Thanks, Rick. In closing, I'd like to thank our dedicated and talented team of professionals for their continued commitment to PNNT and its shareholders. Thank you all for your time today and for your continued investment and confidence in us. That concludes my remarks. At this time, I would like to open up the call to questions.

Operator

Thank you. [Operator Instructions] We'll take our first question from Paul Johnson with KBW.

P
Paul Johnson
KBW

Hey, good afternoon, guys. Thanks for taking my question. I just want to make sure I understand this right. But the settlement that you guys announced in the press release last night that 12 million. So, are we looking at potentially like an $0.18 sort of one-time payment in a future quarter? At some point? Is that the correct number?

R
Rick Allorto
CFO

Yes, that's correct, Paul. That'll come through as a dividend income.

P
Paul Johnson
KBW

Okay. Is that reflected in any way in the 331 mark, or is that mark, pretty much, I guess --

R
Rick Allorto
CFO

No, it is not reflected in the 331 mark.

P
Paul Johnson
KBW

Got it. Okay. I guess just kind of higher-level question, I guess in terms of like the opportunity set that you guys see today, in the past obviously subordinated secondly type of opportunities, junior capital opportunities have been part of the strategy in PNNT for a long time. The strategy has been moving away from that in today’s world. I'm just curious, is there -- are you starting to see any attractive opportunities in that part of the market? Or at this point, they’re just not enough of a differentiation between I guess maybe the first loan type of opportunities that you're seeing really stretched for junior capital?

A
Art Penn
Chairman and CEO

Yeah, it's a great question. I think we've always even recently been open to second-lien Mez, the bar is high, the lesson we've learned is, you got to be right, and you got to be right quick, because of your Mez are second-lien, four years down the road. Something didn't go right. So, we're still up in the Mez and second-lien, some of the Mez today has a big pick portion. Because so much cash pay EBITDAs going towards paying the first-lien, we're not a lover of pick. So, our funnel for Mez in second, is going to be a little bit more selective, that said, our subordinated debt and equity that we buy in our joint venture, this PSLF joint venture, where it's mostly first-lien collateral underlying the portfolio.

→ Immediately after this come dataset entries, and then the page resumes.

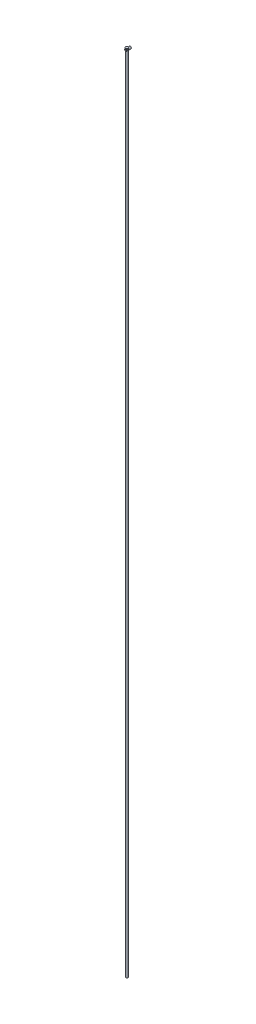
SolidWorks part; units mm, degrees
ref_plane "Alzado" through (0, 0, 0) normal (0, 0, 1) x (1, 0, 0)
ref_plane "Planta" through (0, 0, 0) normal (0, 1, 0) x (1, 0, 0)
ref_plane "Vista lateral" through (0, 0, 0) normal (1, 0, 0) x (0, 0, -1)
sketch "Croquis1" plane through (0, 0, 0) normal (0, 0, 1) x (1, 0, 0)
  circle A0 centre (0, 0) radius 12.7
  circle A1 centre (0, 0) radius 10
extrude "Saliente-Extruir1" add sketch "Croquis1" along normal blind 50
ref_plane "Plano1" through (0, -12.7, 0) normal (0, 1, 0) x (1, 0, 0)
sketch "Croquis2" plane through (0, -12.7, 0) normal (0, 1, 0) x (1, 0, 0)
  circle A0 centre (0, -37.25) radius 12.7
extrude "Saliente-Extruir2" add sketch "Croquis2" against normal blind 8969.1 and the other way blind 25.4
sketch "Croquis3" plane through (0, -12.7, 0) normal (0, 1, 0) x (1, 0, 0)
  circle A0 centre (0, -37.25) radius 10
extrude "Cortar-Extruir1" cut sketch "Croquis3" along normal through all both and the other way through all
sketch "Croquis4" plane through (0, 0, 0) normal (0, 0, 1) x (1, 0, 0)
  circle A0 centre (0, 0) radius 10
extrude "Cortar-Extruir2" cut sketch "Croquis4" along normal blind 42
ref_plane "Plano2" through (0, 12.7, 0) normal (0, 1, 0) x (1, 0, 0)
sketch "Croquis5" plane through (0, 12.7, 0) normal (0, 1, 0) x (1, 0, 0)
  circle A0 centre (0, -37.25) radius 14.5
extrude "Saliente-Extruir4" add sketch "Croquis5" along normal blind 5 separate body

And we leverage it up a little bit more than what's in the BDC, is a very attractive return on invested capital, backed by cash pay, conservatively structured, senior debt. So that's kind of been where we've getting important and getting the incremental juice in this portfolio is building that JV. I think, as of quarter end, it was about 750 million of assets. For us, it was about a -- it was about $150 million investment, and continuing to grow that is a very -- we think a very nice way to get some incremental yield on the portfolio in a safe way.

P
Paul Johnson
KBW

That makes sense. And that's, that's helpful color there. On the opportunity set. Last question. Just on broadly on your equity co-investments, I guess -- are those investments, over time are they pretty much entirely dependent on some sort of M&A event from the sponsor, basically a sale the business, an exit that business for a realization of that equity co-investment, or are there other ways that can be constructed over time, I guess. For you guys to potentially cash out on some of those investments?

A
Art Penn
Chairman and CEO

Yeah, so, good question. We're going any heads up with a sponsor, we've had a very good long term, 2.2 times MOIC over 17 years on that capital. So, it's been very accretive. And just like the sponsor, there's an M&A exit, there's potential IPO exit. And then there's certainly dividends that can come out of that, the Dominion voting situation, that'll be a dividend coming at us out of a company, because we're an equity shareholder. So, we’re really aligning ourselves I guess we could sell our equity to the sponsor, if we need or want liquidity.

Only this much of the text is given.